→ EXERCISE:
Retype every line from the start of the data down to and including the line with "#6153 = DIRECTION". Skip the pictures.

→ Saved entries:
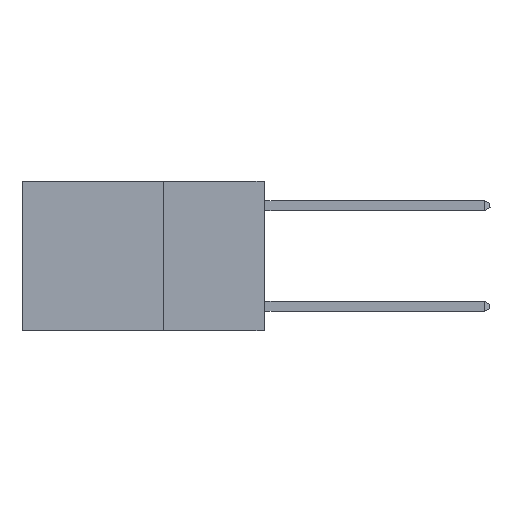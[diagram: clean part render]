
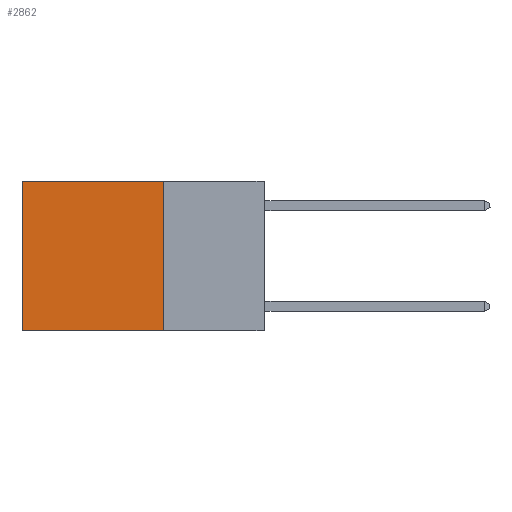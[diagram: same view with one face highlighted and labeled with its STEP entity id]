
A CAD part, left-side view. The second image highlights one B-rep face of the part: STEP entity #2862.
In plain terms, the highlighted planar face has unit normal (-1, 0, 0).
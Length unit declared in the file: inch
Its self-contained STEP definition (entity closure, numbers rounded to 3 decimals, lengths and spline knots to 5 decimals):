
#417 = EDGE_CURVE ( 'NONE', #12860, #20311, #17579, .T. ) ;
#1409 = VECTOR ( 'NONE', #3919, 39.37008 ) ;
#2862 = ADVANCED_FACE ( 'NONE', ( #7328 ), #20426, .F. ) ;
#3919 = DIRECTION ( 'NONE',  ( 0., 0., -1. ) ) ;
#4442 = AXIS2_PLACEMENT_3D ( 'NONE', #7381, #9173, #7452 ) ;
#4587 = EDGE_CURVE ( 'NONE', #11514, #8793, #8063, .T. ) ;
#5305 = DIRECTION ( 'NONE',  ( 0., 1., 0. ) ) ;
#6153 = DIRECTION ( 'NONE',  ( 0., 0., -1. ) ) ;
#7250 = ORIENTED_EDGE ( 'NONE', *, *, #4587, .T. ) ;
#7328 = FACE_OUTER_BOUND ( 'NONE', #17548, .T. ) ;
#7347 = LINE ( 'NONE', #8517, #21218 ) ;
#7381 = CARTESIAN_POINT ( 'NONE',  ( 0.2625, 0.25, 0. ) ) ;
#7452 = DIRECTION ( 'NONE',  ( 0., 0., -1. ) ) ;
#7538 = VECTOR ( 'NONE', #6153, 39.37008 ) ;
#8063 = LINE ( 'NONE', #9328, #7538 ) ;
#8443 = DIRECTION ( 'NONE',  ( 0., 1., 0. ) ) ;
#8517 = CARTESIAN_POINT ( 'NONE',  ( 0.2625, 0.25, 0. ) ) ;
#8765 = ORIENTED_EDGE ( 'NONE', *, *, #19415, .T. ) ;
#8793 = VERTEX_POINT ( 'NONE', #17276 ) ;
#8865 = LINE ( 'NONE', #13239, #16333 ) ;
#9173 = DIRECTION ( 'NONE',  ( 1., 0., 0. ) ) ;
#9328 = CARTESIAN_POINT ( 'NONE',  ( 0.2625, 0.6, 0. ) ) ;
#10492 = CARTESIAN_POINT ( 'NONE',  ( 0.2625, 0.25, -0.37 ) ) ;
#10508 = CARTESIAN_POINT ( 'NONE',  ( 0.2625, 0.25, 0. ) ) ;
#10797 = EDGE_CURVE ( 'NONE', #20311, #8793, #8865, .T. ) ;
#11514 = VERTEX_POINT ( 'NONE', #20067 ) ;
#12860 = VERTEX_POINT ( 'NONE', #20988 ) ;
#13239 = CARTESIAN_POINT ( 'NONE',  ( 0.2625, 0.25, -0.37 ) ) ;
#16333 = VECTOR ( 'NONE', #5305, 39.37008 ) ;
#17276 = CARTESIAN_POINT ( 'NONE',  ( 0.2625, 0.6, -0.37 ) ) ;
#17510 = ORIENTED_EDGE ( 'NONE', *, *, #417, .F. ) ;
#17548 = EDGE_LOOP ( 'NONE', ( #7250, #18934, #17510, #8765 ) ) ;
#17579 = LINE ( 'NONE', #10508, #1409 ) ;
#18934 = ORIENTED_EDGE ( 'NONE', *, *, #10797, .F. ) ;
#19415 = EDGE_CURVE ( 'NONE', #12860, #11514, #7347, .T. ) ;
#20067 = CARTESIAN_POINT ( 'NONE',  ( 0.2625, 0.6, 0. ) ) ;
#20311 = VERTEX_POINT ( 'NONE', #10492 ) ;
#20426 = PLANE ( 'NONE',  #4442 ) ;
#20988 = CARTESIAN_POINT ( 'NONE',  ( 0.2625, 0.25, 0. ) ) ;
#21218 = VECTOR ( 'NONE', #8443, 39.37008 ) ;

→ RESPONSE TO THE EXERCISE:
[diagram: clean part render]
[diagram: same view with one face highlighted and labeled with its STEP entity id]
A CAD part, left-side view. The second image highlights one B-rep face of the part: STEP entity #2862.
In plain terms, the highlighted planar face has unit normal (-1, 0, 0).
Length unit declared in the file: inch
Its self-contained STEP definition (entity closure, numbers rounded to 3 decimals, lengths and spline knots to 5 decimals):
#417 = EDGE_CURVE ( 'NONE', #12860, #20311, #17579, .T. ) ;
#1409 = VECTOR ( 'NONE', #3919, 39.37008 ) ;
#2862 = ADVANCED_FACE ( 'NONE', ( #7328 ), #20426, .F. ) ;
#3919 = DIRECTION ( 'NONE',  ( 0., 0., -1. ) ) ;
#4442 = AXIS2_PLACEMENT_3D ( 'NONE', #7381, #9173, #7452 ) ;
#4587 = EDGE_CURVE ( 'NONE', #11514, #8793, #8063, .T. ) ;
#5305 = DIRECTION ( 'NONE',  ( 0., 1., 0. ) ) ;
#6153 = DIRECTION ( 'NONE',  ( 0., 0., -1. ) ) ;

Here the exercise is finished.